You can shrink an MDF file using:
USE [Databasename]
GO
DBCC SHRINKDATABASE(N'Databasename' )
GO
and you can shrink an LDF file using:
USE Data base
GO
DBCC SHRINKFILE(databsename_Log, 1)
GO
For what you want to do, I would recommend the following (which is pretty much what you were thinking).
1> Create history tables for the historic data you have - keep the schemas as similar as possible. Split up by some logical grouping (such as year/month) based on how they are going to be queried (say you need to report with in month/year as well as all). Do not worry about the table size of the splits unless they are getting into the TB size range (your dbms should handle it) just make sure that they are appropriately indexed for the queries that need to be run. You should consider putting these onto a different disk to the active data if performance is an issue.

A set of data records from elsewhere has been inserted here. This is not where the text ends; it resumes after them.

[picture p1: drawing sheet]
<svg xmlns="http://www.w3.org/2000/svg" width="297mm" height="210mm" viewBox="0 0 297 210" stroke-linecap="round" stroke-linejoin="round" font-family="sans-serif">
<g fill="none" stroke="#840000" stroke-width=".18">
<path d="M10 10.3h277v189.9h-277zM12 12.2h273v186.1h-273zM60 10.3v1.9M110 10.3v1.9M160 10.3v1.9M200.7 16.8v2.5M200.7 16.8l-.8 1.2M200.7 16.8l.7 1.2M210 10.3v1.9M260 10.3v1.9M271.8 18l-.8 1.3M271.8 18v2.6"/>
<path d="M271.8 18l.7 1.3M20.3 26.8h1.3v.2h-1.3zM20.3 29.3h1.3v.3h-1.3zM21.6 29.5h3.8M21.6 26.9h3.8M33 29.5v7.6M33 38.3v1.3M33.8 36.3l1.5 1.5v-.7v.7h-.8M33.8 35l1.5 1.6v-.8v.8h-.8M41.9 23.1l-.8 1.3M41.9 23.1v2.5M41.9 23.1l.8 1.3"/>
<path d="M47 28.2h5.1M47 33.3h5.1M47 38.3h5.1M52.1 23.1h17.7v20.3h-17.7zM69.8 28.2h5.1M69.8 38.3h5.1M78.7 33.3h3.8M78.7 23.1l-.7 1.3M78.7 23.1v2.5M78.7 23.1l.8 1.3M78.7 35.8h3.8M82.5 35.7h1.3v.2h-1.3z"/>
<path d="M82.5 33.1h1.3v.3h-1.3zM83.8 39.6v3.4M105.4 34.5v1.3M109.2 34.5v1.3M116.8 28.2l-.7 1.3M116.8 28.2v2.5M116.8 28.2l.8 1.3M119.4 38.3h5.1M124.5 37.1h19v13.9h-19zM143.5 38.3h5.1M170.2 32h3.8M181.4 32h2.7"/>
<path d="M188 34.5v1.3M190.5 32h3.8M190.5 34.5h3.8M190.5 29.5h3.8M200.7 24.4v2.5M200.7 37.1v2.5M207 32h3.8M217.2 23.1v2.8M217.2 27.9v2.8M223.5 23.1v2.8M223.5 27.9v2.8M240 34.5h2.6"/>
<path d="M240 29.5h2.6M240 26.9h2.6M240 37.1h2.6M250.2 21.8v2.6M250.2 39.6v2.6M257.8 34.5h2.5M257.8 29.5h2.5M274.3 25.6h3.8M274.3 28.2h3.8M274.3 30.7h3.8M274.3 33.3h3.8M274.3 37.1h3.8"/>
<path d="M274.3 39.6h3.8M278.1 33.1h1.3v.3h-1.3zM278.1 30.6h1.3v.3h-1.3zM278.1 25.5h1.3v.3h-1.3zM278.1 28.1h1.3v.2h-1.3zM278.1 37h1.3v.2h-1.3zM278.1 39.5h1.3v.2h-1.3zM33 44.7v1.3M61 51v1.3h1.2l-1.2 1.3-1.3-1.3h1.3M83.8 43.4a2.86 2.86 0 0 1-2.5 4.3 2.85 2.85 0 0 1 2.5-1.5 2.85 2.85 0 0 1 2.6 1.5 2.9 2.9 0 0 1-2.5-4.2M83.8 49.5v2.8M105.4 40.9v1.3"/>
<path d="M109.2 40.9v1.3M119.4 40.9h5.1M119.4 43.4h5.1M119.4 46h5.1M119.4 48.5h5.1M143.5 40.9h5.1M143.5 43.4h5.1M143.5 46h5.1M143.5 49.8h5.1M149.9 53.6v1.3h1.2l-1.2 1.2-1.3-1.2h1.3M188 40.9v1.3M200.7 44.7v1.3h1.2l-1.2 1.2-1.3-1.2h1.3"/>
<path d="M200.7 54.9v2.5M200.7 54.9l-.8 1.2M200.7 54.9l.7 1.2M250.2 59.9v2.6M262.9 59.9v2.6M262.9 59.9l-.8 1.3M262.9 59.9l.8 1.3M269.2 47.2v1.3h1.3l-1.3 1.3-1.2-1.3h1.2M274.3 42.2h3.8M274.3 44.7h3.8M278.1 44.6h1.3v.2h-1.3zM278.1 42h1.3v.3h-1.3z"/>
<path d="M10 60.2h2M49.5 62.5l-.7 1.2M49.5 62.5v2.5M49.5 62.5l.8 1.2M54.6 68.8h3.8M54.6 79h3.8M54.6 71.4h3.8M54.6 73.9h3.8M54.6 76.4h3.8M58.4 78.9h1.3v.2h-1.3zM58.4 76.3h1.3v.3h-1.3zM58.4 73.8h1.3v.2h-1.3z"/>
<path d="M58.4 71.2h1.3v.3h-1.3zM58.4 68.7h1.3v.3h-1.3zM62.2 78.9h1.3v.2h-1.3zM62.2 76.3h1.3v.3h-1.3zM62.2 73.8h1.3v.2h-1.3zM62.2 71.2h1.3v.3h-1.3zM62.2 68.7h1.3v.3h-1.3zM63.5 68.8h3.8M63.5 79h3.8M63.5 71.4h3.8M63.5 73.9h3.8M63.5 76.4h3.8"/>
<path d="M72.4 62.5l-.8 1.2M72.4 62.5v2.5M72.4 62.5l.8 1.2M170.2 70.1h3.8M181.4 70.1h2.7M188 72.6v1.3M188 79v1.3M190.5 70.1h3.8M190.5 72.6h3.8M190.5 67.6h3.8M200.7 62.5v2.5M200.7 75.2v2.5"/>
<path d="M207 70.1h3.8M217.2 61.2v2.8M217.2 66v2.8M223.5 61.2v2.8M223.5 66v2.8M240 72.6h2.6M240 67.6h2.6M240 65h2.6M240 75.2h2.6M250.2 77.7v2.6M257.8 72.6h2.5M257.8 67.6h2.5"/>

2> Create a routine to move data from the active table to the relevant historic table. Run this periodically. As a practice rebuild the indexes on the table that has had the data removed from it, and maybe update the table statistics. Easiest way to do this is to write a sql script.
3> Consider the reporting you want to do. If you want to only have to deal with 1 table when writing queries, create a view that joins the archived tables together. Create indexes on all the tables to suite the view. This way if you want all the data, select from the view. If you want data from a specific year/month, query that table. The view will look something like:
create view view_all_data as
select "Jan12" as month,a.* from data_Jan12 a
union
select "Feb12" as month,b.* from data_Feb12 b
....
I am assuming here that the system is not a highly used transactional system and that you have windows of low usage to run the analysis queries. If you need to maintain high levels of performance, you may like to do the above in a separate database (separate hardware) and port across the new data that you get from backups.
Best Answer
Deleting data is easy from the syntax point of view, but that's not all there is.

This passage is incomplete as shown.